1. Switch to Visual Studio 2010.
2. In Solution Explorer, right-click the Web.config file, and then select Open.
3. On the Edit menu, select Find and Replace | Quick Replace.
4. In the Find and Replace window, in the Find What dropdown list, enter SERVERNAME.
5. In the Replace With dropdown list, enter the name of the machine that hosts Analysis Services.
6. Click Replace All.
7. Verify that one replacement occurred, and then click OK.
8. Close the Find and Replace window.
9. On the File menu, select Save All.
10. To close the Web.config file, on the File menu, select Close.
11. In Solution Explorer, right-click the ShoppingCart.aspx item, and then select View Code.
12. Press Control+G, then in the Go to Line window, enter 90, and then click OK.
13. In the code window, review the GetDataMiningSuggestions function and the associated
comments.
Note: It is not necessary to understand the details of this code.

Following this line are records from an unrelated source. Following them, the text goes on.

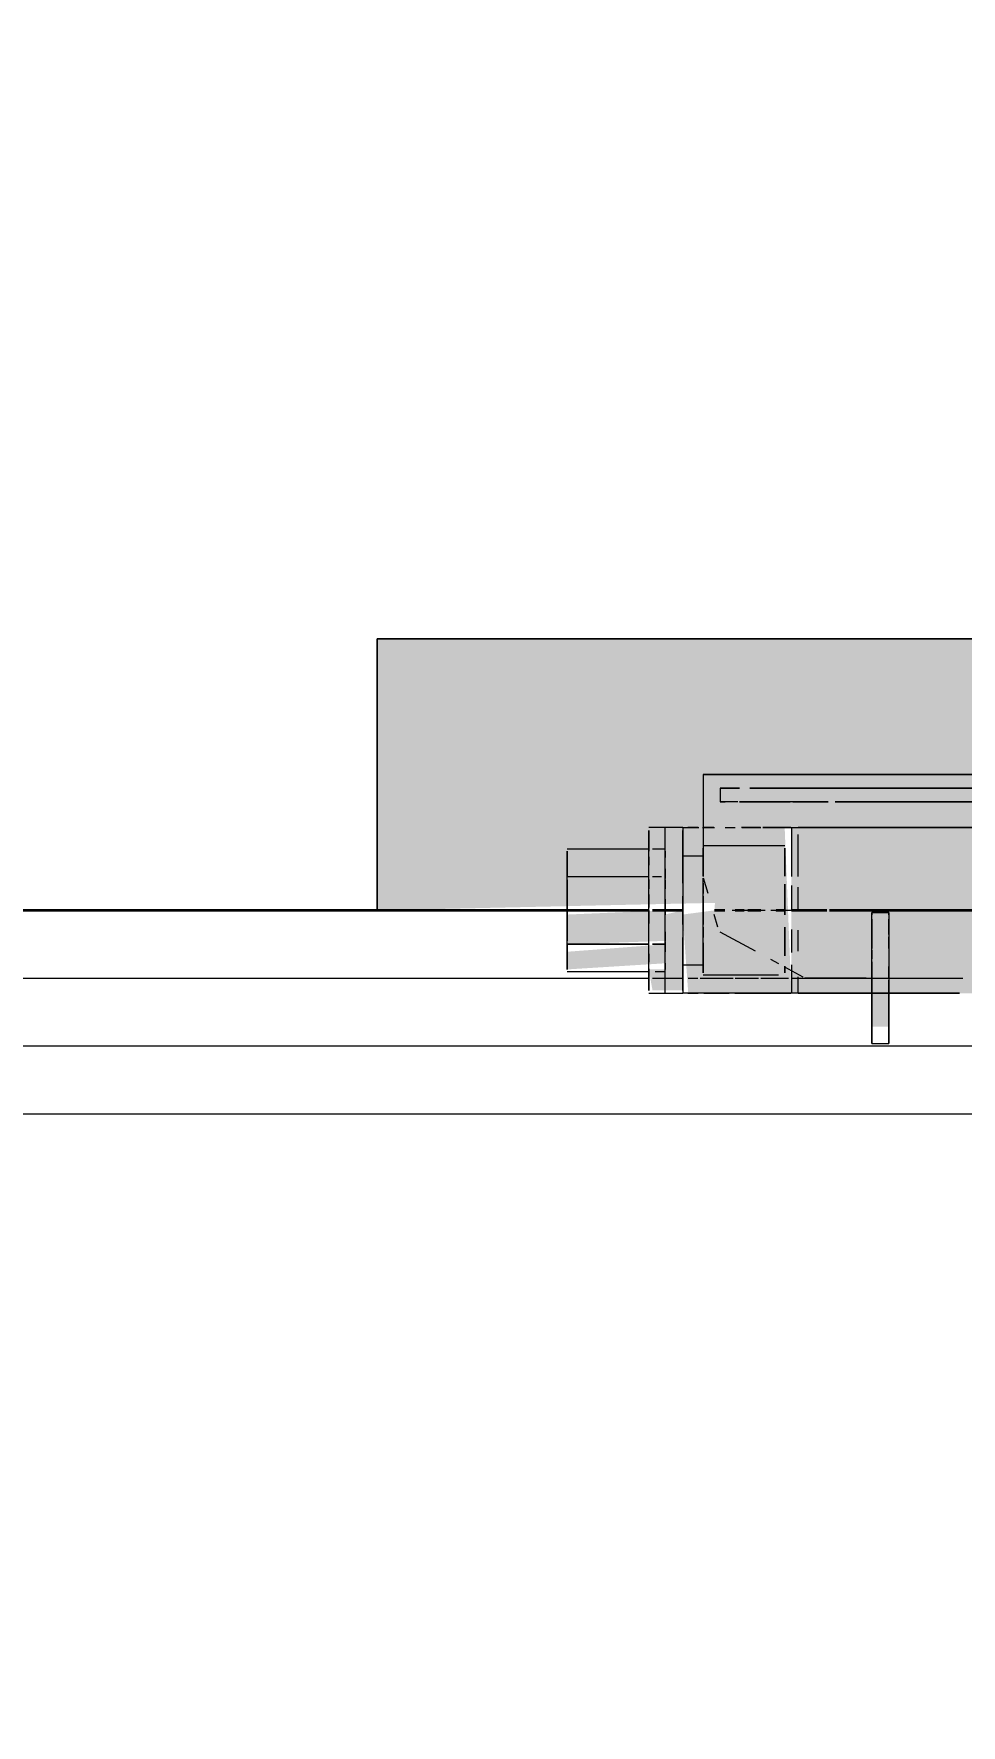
# Model space of a CAD drawing. Header units: millimetres. Extents: x -4029 to 232974, y -8553 to 104777.
# Drawn here: x 224647.6 to 224715.8, y 4140 to 4264.5 of the extents above; entities that cross this region are included whole.
import ezdxf

# ---------------------------------------------------------------- set-up
doc = ezdxf.new("R2010")
doc.units = ezdxf.units.MM
doc.linetypes.add('200_ШТРИХ_ш1п0_6_', pattern=[80, 50, -30])
for name, color, linetype, lineweight in [('5.1) Перегародка WD6', 6, 'Continuous', 9), ('A-AREA-1', 7, '200_ШТРИХ_ш1п0_6_', 35), ('A-FLOR', 7, 'Continuous', 9), ('E-LITE-EQPM', 7, 'Continuous', 9), ('S-STRS-4', 7, 'Continuous', 15)]:
    doc.layers.add(name, color=color, linetype=linetype, lineweight=lineweight)
doc.layers.add('E-LITE-EQPM-1', color=7, linetype='Continuous', lineweight=9, transparency=1)
doc.layers.add('E-LITE-EQPM-2', color=7, linetype='Continuous', lineweight=9, true_color=0x9bc7e8)
doc.layers.add('E-LITE-EQPM-3', color=7, linetype='Continuous', lineweight=9, true_color=0x7f7f7f, transparency=1)
doc.styles.add('ISOCPEUR_3', font='isocpeur.ttf', dxfattribs={"width": 0.9, "height": 125})
doc.dimstyles.new('ISO-2_5_0_9К_БОЛЬШОЙ_4', dxfattribs={"dimscale": 304.8, "dimtxt": 124.497647, "dimasz": 0.246063, "dimexe": 0.19685, "dimexo": 0.492126, "dimgap": 0, "dimtad": 1, "dimdec": 0, "dimrnd": 10, "dimzin": 0, "dimdsep": 46, "dimtxsty": 'ISOCPEUR_3', "dimblk1": 'OBLIQUE', "dimblk2": 'OBLIQUE', "dimsah": 1, "dimcen": 0.09, "dimdle": 0.19685, "dimazin": 0, "dimtfac": 1, "dimtdec": 4, "dimtix": 1, "dimtmove": 0, "dimatfit": 3, "dimfxl": 1, "dimtvp": 1, "dimtolj": 1, "dimtzin": 0, "dimarcsym": 2})

# ---------------------------------------------------------------- blocks, each defined once
blk = doc.blocks.new('Перекрытия 2 - Перекрытия 4-32990152-Разрез 4-4')
at = {"layer": 'S-STRS-4'}
blk.add_line((-15709, 4185), (-16350.82, 4185), dxfattribs=at)
blk = doc.blocks.new('Прожектор - Поз 3-33104719-Разрез 4-4')
at = {"layer": 'E-LITE-EQPM-1'}
for points in [[(-15771.31, 4193.9), (-15764.5, 4193.9), (-15764.99, 4206.1), (-15769.75, 4206.1), (-15770.16, 4200), (-15772.5, 4199.69), (-15772.09, 4193.9)], [(-15697.03, 4193.9), (-15637.5, 4193.9), (-15637.5, 4206.1), (-15764.5, 4206.1), (-15764.5, 4193.9), (-15698.27, 4193.9)], [(-15781, 4197.5), (-15773.8, 4197.75), (-15773.8, 4200), (-15781, 4199.69), (-15781, 4197.75)], [(-15772.5, 4194.11), (-15772.5, 4200), (-15773.8, 4199.69), (-15773.83, 4195.65), (-15775, 4195.65), (-15774.72, 4194.11)], [(-15781, 4195.65), (-15773.8, 4196.1), (-15773.8, 4197.5), (-15781, 4196.95), (-15781, 4195.69)], [(-15757.33, 4191.43), (-15757.33, 4193.9), (-15758.57, 4193.9), (-15758.57, 4191.43)]]:
    blk.add_hatch(color=256, dxfattribs=at).paths.add_polyline_path(points)
at = {"layer": 'E-LITE-EQPM'}
for p, q in [((-15771, 4210), (-15771, 4202.5)), ((-15771, 4210), (-15770.53, 4210)), ((-15759, 4210), (-15771, 4210)), ((-15770.53, 4210), (-15759, 4210)), ((-15769.75, 4210), (-15759, 4210)), ((-15759, 4210), (-15769.75, 4210)), ((-15759, 4210), (-15643, 4210)), ((-15643, 4210), (-15759, 4210)), ((-15759, 4210), (-15643, 4210)), ((-15643, 4210), (-15759, 4210)), ((-15772.5, 4206.1), (-15775, 4206.1)), ((-15775, 4205.89), (-15775, 4204.35)), ((-15775, 4200), (-15775, 4205.89)), ((-15772.5, 4206.1), (-15773.8, 4206.1)), ((-15773.8, 4200), (-15773.8, 4206.1)), ((-15772.5, 4206.1), (-15772.5, 4200)), ((-15772.5, 4205.89), (-15772.5, 4204.31)), ((-15772.5, 4204.31), (-15772.5, 4205.89)), ((-15772.5, 4205.89), (-15772.5, 4200)), ((-15764.5, 4206.1), (-15763.42, 4206.1)), ((-15764.5, 4206.1), (-15764.5, 4202.5)), ((-15763.42, 4206.1), (-15764, 4206.1)), ((-15763.41, 4206.1), (-15749.29, 4206.1)), ((-15749.29, 4206.1), (-15763.41, 4206.1)), ((-15764.99, 4204.75), (-15771, 4204.75)), ((-15771, 4204.59), (-15771, 4202.51)), ((-15771, 4202.51), (-15771, 4204.59)), ((-15764.99, 4202.51), (-15764.99, 4204.59)), ((-15764.99, 4204.59), (-15764.99, 4204.59)), ((-15764.99, 4204.59), (-15764.99, 4202.51)), ((-15764, 4202.5), (-15764, 4205.58)), ((-15775, 4204.5), (-15781, 4204.5)), ((-15781, 4204.35), (-15781, 4202.52)), ((-15781, 4200), (-15781, 4204.35)), ((-15775, 4203.93), (-15775, 4203.32)), ((-15773.8, 4204.5), (-15774.72, 4204.5)), ((-15773.8, 4203.9), (-15773.8, 4204.35)), ((-15773.8, 4204.35), (-15773.8, 4203.9)), ((-15773.8, 4204.35), (-15773.8, 4204.35)), ((-15772.5, 4204.31), (-15772.5, 4202)), ((-15772.5, 4202.02), (-15772.5, 4204.31)), ((-15771, 4204), (-15772.5, 4204)), ((-15772.5, 4203.46), (-15772.5, 4203.86)), ((-15772.5, 4203.86), (-15772.5, 4203.46)), ((-15771, 4203.46), (-15771, 4203.86)), ((-15771, 4203.86), (-15771, 4203.86)), ((-15771, 4203.86), (-15771, 4203.46)), ((-15781, 4202.5), (-15775, 4202.5)), ((-15781, 4202.5), (-15775, 4202.5)), ((-15781, 4202.25), (-15781, 4201.16)), ((-15781, 4200), (-15781, 4202.25)), ((-15781, 4202.25), (-15781, 4200)), ((-15775, 4202.27), (-15775, 4201.58)), ((-15774.72, 4202.5), (-15774.07, 4202.5)), ((-15774.72, 4202.5), (-15774.07, 4202.5)), ((-15773.8, 4203.06), (-15773.8, 4202.35)), ((-15773.8, 4202.25), (-15773.8, 4201.58)), ((-15773.8, 4201.59), (-15773.8, 4202.25)), ((-15773.8, 4202.25), (-15773.8, 4201.59)), ((-15773.8, 4201.58), (-15773.8, 4202.25)), ((-15773.8, 4202.25), (-15773.8, 4201.58)), ((-15772.5, 4202), (-15772.5, 4202.83)), ((-15772.5, 4202.83), (-15772.5, 4202)), ((-15771, 4200), (-15771, 4202.37)), ((-15770.63, 4201.23), (-15770.96, 4202.37)), ((-15781, 4201.16), (-15781, 4200)), ((-15775, 4201.17), (-15775, 4200.2)), ((-15772.5, 4201.04), (-15772.5, 4200)), ((-15772.5, 4201.04), (-15772.5, 4200)), ((-15772.5, 4200), (-15772.5, 4201.04)), ((-15772.5, 4200), (-15772.5, 4201.04)), ((-15771, 4202.01), (-15771, 4201.23)), ((-15771, 4201.24), (-15771, 4202)), ((-15771, 4202), (-15771, 4201.24)), ((-15771, 4201.04), (-15771, 4200)), ((-15771, 4200), (-15771, 4201.04)), ((-15771, 4201.04), (-15771, 4200)), ((-15764.99, 4201.23), (-15764.99, 4201.94)), ((-15764.99, 4201.94), (-15764.99, 4200)), ((-15764.99, 4200), (-15764.99, 4201.23)), ((-15764.5, 4201.82), (-15764.5, 4200)), ((-15764, 4200), (-15764, 4201.7)), ((-15781, 4200), (-15781, 4198.84)), ((-15781, 4195.65), (-15781, 4200)), ((-15781, 4197.75), (-15781, 4200)), ((-15781, 4200), (-15781, 4197.75)), ((-15781, 4200), (-15775, 4200)), ((-15781, 4200), (-15775, 4200)), ((-15775, 4200), (-15775, 4199.02)), ((-15775, 4194.11), (-15775, 4200)), ((-15774.72, 4200), (-15773.8, 4200)), ((-15774.72, 4200), (-15773.8, 4200)), ((-15773.8, 4200), (-15773.8, 4200.83)), ((-15773.8, 4200.83), (-15773.8, 4200)), ((-15773.8, 4200.82), (-15773.8, 4200)), ((-15773.8, 4200), (-15773.8, 4200.82)), ((-15773.8, 4200.82), (-15773.8, 4200)), ((-15773.8, 4193.9), (-15773.8, 4200)), ((-15773.8, 4199.68), (-15773.8, 4200)), ((-15773.8, 4200), (-15773.8, 4199.68)), ((-15773.8, 4199.69), (-15773.8, 4200)), ((-15773.8, 4200), (-15773.8, 4199.69)), ((-15772.5, 4200), (-15772.5, 4193.9)), ((-15772.5, 4200), (-15772.5, 4199.68)), ((-15772.5, 4199.68), (-15772.5, 4200)), ((-15772.5, 4199.68), (-15772.5, 4200)), ((-15772.5, 4200), (-15772.5, 4194.11)), ((-15772.5, 4199.69), (-15772.5, 4198.96)), ((-15772.5, 4199.68), (-15772.5, 4198.96)), ((-15772.5, 4198.96), (-15772.5, 4199.68)), ((-15772.5, 4198.96), (-15772.5, 4199.68)), ((-15771, 4200), (-15771, 4198.96)), ((-15771, 4195.41), (-15771, 4200)), ((-15771, 4198.96), (-15771, 4200)), ((-15771, 4200), (-15771, 4198.96)), ((-15769.91, 4198.77), (-15770.18, 4199.69)), ((-15764.99, 4199.68), (-15764.99, 4200)), ((-15764.99, 4200), (-15764.99, 4199.68)), ((-15757.33, 4199.84), (-15758.57, 4199.84)), ((-15758.57, 4199.84), (-15758.57, 4199.68)), ((-15758.57, 4199.68), (-15758.57, 4199.84)), ((-15758.57, 4199.84), (-15757.33, 4199.84)), ((-15758.57, 4199.84), (-15758.57, 4199.68)), ((-15758.57, 4197.2), (-15758.57, 4199.68)), ((-15757.33, 4199.68), (-15757.33, 4199.84)), ((-15757.33, 4199.84), (-15757.33, 4199.68)), ((-15757.33, 4199.68), (-15757.33, 4199.84)), ((-15757.33, 4199.68), (-15757.33, 4197.2)), ((-15781, 4198.84), (-15781, 4197.75)), ((-15773.8, 4198.42), (-15773.8, 4197.75)), ((-15773.8, 4197.75), (-15773.8, 4198.42)), ((-15773.8, 4198.42), (-15773.8, 4197.75)), ((-15773.8, 4197.75), (-15773.8, 4198.41)), ((-15773.8, 4198.41), (-15773.8, 4197.75)), ((-15771, 4198.77), (-15771, 4197.99)), ((-15771, 4198), (-15771, 4198.76)), ((-15771, 4198.76), (-15771, 4198)), ((-15767.15, 4197), (-15769.73, 4198.4)), ((-15764.99, 4197.62), (-15764.99, 4198.77)), ((-15764.99, 4198.77), (-15764.99, 4196.64)), ((-15764.5, 4198.59), (-15764.5, 4196.89)), ((-15764, 4197), (-15764, 4198.54)), ((-15758.57, 4199.35), (-15758.57, 4198.24)), ((-15758.57, 4199.35), (-15758.57, 4198.05)), ((-15757.33, 4198.24), (-15757.33, 4199.34)), ((-15757.33, 4198.21), (-15757.33, 4199.34)), ((-15775, 4197.5), (-15781, 4197.5)), ((-15781, 4197.5), (-15775, 4197.5)), ((-15781, 4197.48), (-15781, 4195.65)), ((-15773.8, 4197.5), (-15774.72, 4197.5)), ((-15774.72, 4197.5), (-15773.8, 4197.5)), ((-15773.8, 4197.71), (-15773.8, 4196.94)), ((-15772.5, 4198), (-15772.5, 4195.69)), ((-15772.5, 4198), (-15772.5, 4197.17)), ((-15772.5, 4197.17), (-15772.5, 4198)), ((-15772.5, 4195.69), (-15772.5, 4197.98)), ((-15771, 4197.62), (-15771, 4195.41)), ((-15764.99, 4196.64), (-15764.99, 4197.62)), ((-15758.57, 4198.06), (-15758.57, 4197.2)), ((-15758.57, 4198.05), (-15758.57, 4197.22)), ((-15757.33, 4197.2), (-15757.33, 4198.05)), ((-15757.33, 4197.22), (-15757.33, 4198.04)), ((-15775, 4196.81), (-15775, 4196.19)), ((-15773.8, 4195.65), (-15773.8, 4196.1)), ((-15773.8, 4196.1), (-15773.8, 4195.65)), ((-15772.5, 4196.54), (-15772.5, 4196.14)), ((-15772.5, 4196.14), (-15772.5, 4196.54)), ((-15772.5, 4196), (-15771, 4196)), ((-15771, 4196.54), (-15771, 4196.54)), ((-15765.42, 4196.05), (-15766.01, 4196.37)), ((-15764.99, 4195.41), (-15764.99, 4195.89)), ((-15764.99, 4195.89), (-15764.99, 4195.41)), ((-15764.5, 4195.99), (-15764.5, 4195.16)), ((-15758.57, 4197.08), (-15758.57, 4196.43)), ((-15758.57, 4195), (-15758.57, 4196.89)), ((-15758.57, 4196.21), (-15758.57, 4194.87)), ((-15758.57, 4195.86), (-15758.57, 4195)), ((-15757.33, 4196.89), (-15757.33, 4195.86)), ((-15757.33, 4195), (-15757.33, 4195.86)), ((-15757.33, 4195.86), (-15757.33, 4195.22)), ((-15781, 4195.5), (-15775, 4195.5)), ((-15775, 4195.69), (-15775, 4194.11)), ((-15774.52, 4195.5), (-15773.8, 4195.5)), ((-15773.8, 4195.65), (-15773.8, 4195.65)), ((-15772.5, 4195.69), (-15772.5, 4194.11)), ((-15772.5, 4194.11), (-15772.5, 4195.69)), ((-15771, 4195.25), (-15765.44, 4195.25)), ((-15763.64, 4195.07), (-15764.99, 4195.81)), ((-15764.5, 4195.16), (-15764.5, 4193.9)), ((-15764, 4193.9), (-15764, 4195.11)), ((-15763.42, 4195), (-15763.5, 4195)), ((-15763.5, 4195), (-15763.42, 4195)), ((-15761.25, 4195), (-15762.18, 4195)), ((-15759, 4195), (-15761.25, 4195)), ((-15759, 4195), (-15758.57, 4195)), ((-15758.57, 4194.87), (-15758.57, 4192.91)), ((-15757.33, 4195.19), (-15757.33, 4195.82)), ((-15757.33, 4195.22), (-15757.33, 4195)), ((-15757.33, 4195), (-15751.87, 4195)), ((-15775, 4193.9), (-15772.5, 4193.9)), ((-15773.8, 4193.9), (-15772.5, 4193.9)), ((-15758.57, 4193.9), (-15764.5, 4193.9)), ((-15764, 4193.9), (-15758.57, 4193.9)), ((-15758.57, 4193.9), (-15757.33, 4193.9)), ((-15757.33, 4193.9), (-15758.57, 4193.9)), ((-15757.33, 4193.9), (-15752.12, 4193.9)), ((-15752.12, 4193.9), (-15757.33, 4193.9)), ((-15758.57, 4192.91), (-15758.57, 4191.43)), ((-15758.57, 4190.19), (-15757.33, 4190.19)), ((-15758.57, 4190.19), (-15757.33, 4190.19))]:
    blk.add_line(p, q, dxfattribs=at)
at = {"layer": 'E-LITE-EQPM', "flags": 128}
for points in [[(-15758.57, 4190.19), (-15758.57, 4190.51), (-15758.57, 4191.43), (-15758.57, 4192.91), (-15758.57, 4194.87), (-15758.57, 4197.22), (-15758.57, 4199.84)], [(-15757.33, 4199.84), (-15757.33, 4197.22), (-15757.33, 4194.87), (-15757.33, 4192.91), (-15757.33, 4191.43), (-15757.33, 4190.51), (-15757.33, 4190.19)], [(-15762.18, 4195), (-15762.79, 4195), (-15763.42, 4195)], [(-15763.42, 4195), (-15761.43, 4195), (-15759, 4195)], [(-15757.33, 4191.43), (-15757.33, 4192.91), (-15757.33, 4194.87)], [(-15758.57, 4191.43), (-15758.57, 4190.51), (-15758.57, 4190.19)], [(-15757.33, 4190.19), (-15757.33, 4190.51), (-15757.33, 4191.43)]]:
    blk.add_lwpolyline(points, dxfattribs=at)
at = {"layer": 'E-LITE-EQPM'}
for points in [[(-15772.53, 4206.1), (-15773.21, 4206.1), (-15773.63, 4206.1), (-15773.8, 4206.1)], [(-15772.5, 4206.1), (-15772.35, 4206.1), (-15771.95, 4206.1), (-15771.31, 4206.1)], [(-15771.35, 4206.1), (-15771.63, 4206.1), (-15771.89, 4206.1), (-15772.12, 4206.1)], [(-15771.04, 4206.1), (-15770.78, 4206.1), (-15770.48, 4206.1), (-15770.16, 4206.1)], [(-15770.21, 4206.1), (-15770.46, 4206.1), (-15770.7, 4206.1), (-15770.93, 4206.1)], [(-15769.36, 4206.1), (-15769.13, 4206.1), (-15768.89, 4206.1), (-15768.64, 4206.1)], [(-15766.76, 4206.1), (-15767.26, 4206.1), (-15767.72, 4206.1), (-15768.17, 4206.1)], [(-15768.15, 4206.1), (-15767.72, 4206.1), (-15767.25, 4206.1), (-15766.75, 4206.1)], [(-15764.53, 4206.1), (-15765.27, 4206.1), (-15765.96, 4206.1), (-15766.61, 4206.1)], [(-15766.61, 4206.1), (-15765.96, 4206.1), (-15765.26, 4206.1), (-15764.5, 4206.1)], [(-15773.8, 4193.9), (-15773.63, 4193.9), (-15773.21, 4193.9), (-15772.53, 4193.9)], [(-15764.5, 4193.9), (-15766.94, 4193.9), (-15770.71, 4193.9), (-15772.27, 4193.9), (-15772.5, 4193.9)], [(-15772.12, 4193.9), (-15771.89, 4193.9), (-15771.63, 4193.9), (-15771.35, 4193.9)], [(-15770.93, 4193.9), (-15770.39, 4193.9), (-15769.77, 4193.9), (-15769.07, 4193.9)], [(-15768.67, 4193.9), (-15768.09, 4193.9), (-15767.45, 4193.9), (-15766.76, 4193.9)], [(-15766.75, 4193.9), (-15766.06, 4193.9), (-15765.32, 4193.9), (-15764.53, 4193.9)]]:
    blk.add_open_spline(points, degree=3, dxfattribs=at)
at = {"layer": 'E-LITE-EQPM-2'}
for p, q in [((-15769.75, 4209), (-15769.75, 4208)), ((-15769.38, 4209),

This code is responsible for
dynamically building a DMX statement similar to the one you created in the previous task.
14. Press Control+G, then in the Go to Line window, enter 67, and then click OK.
15. Replace this line with the following line.
Visual Basic
dr = GetDataMiningSuggestions()
Note: This modification will retrieve suggested models predicted by the BasketAnalysis_AR
data mining model.
16. On the File menu, click Save All.
Task 11 – Browsing the Enhanced Adventure Works Online Shopping Application
In this task, you will browse the enhanced AWOnlineShopping Web application.
1. On the Debug menu, select Start Without Debugging.
2. When the Internet Explorer window opens, if necessary, maximize the window.
3. On the menu, select Shopping Cart.
4. On the Shopping Cart page, notice that the three suggestions have changed according to
associations with the items added to the shopping cart.
5. Click the Display Database Command label, and then review the database command.
6. From the suggestions list, click the HL Mountain Tire link.
7. On the Catalog by Model page, click the HL Mountain Tire link.
8. On the Product Details page, click Add to Shopping Cart.
9. On the Shopping Cart page, notice that the three suggestions have been revised.
10. Click the Display Database Command label, and then review the database command.
Task 12 – Finishing Up
In this task, you will finish up by closing all applications.
1. Close the Internet Explorer window.
2. In Visual Studio, on the File menu, select Exit.
3. In SQL Server Business Intelligence Development Studio, on the File menu, select Exit.
Summary
In this lab, you have created a data mining model that uses the Microsoft Association Rules algorithm to
identify patterns about models commonly purchased together. The patterns discovered by the data
mining model were used to enhance the customer experience while shopping online.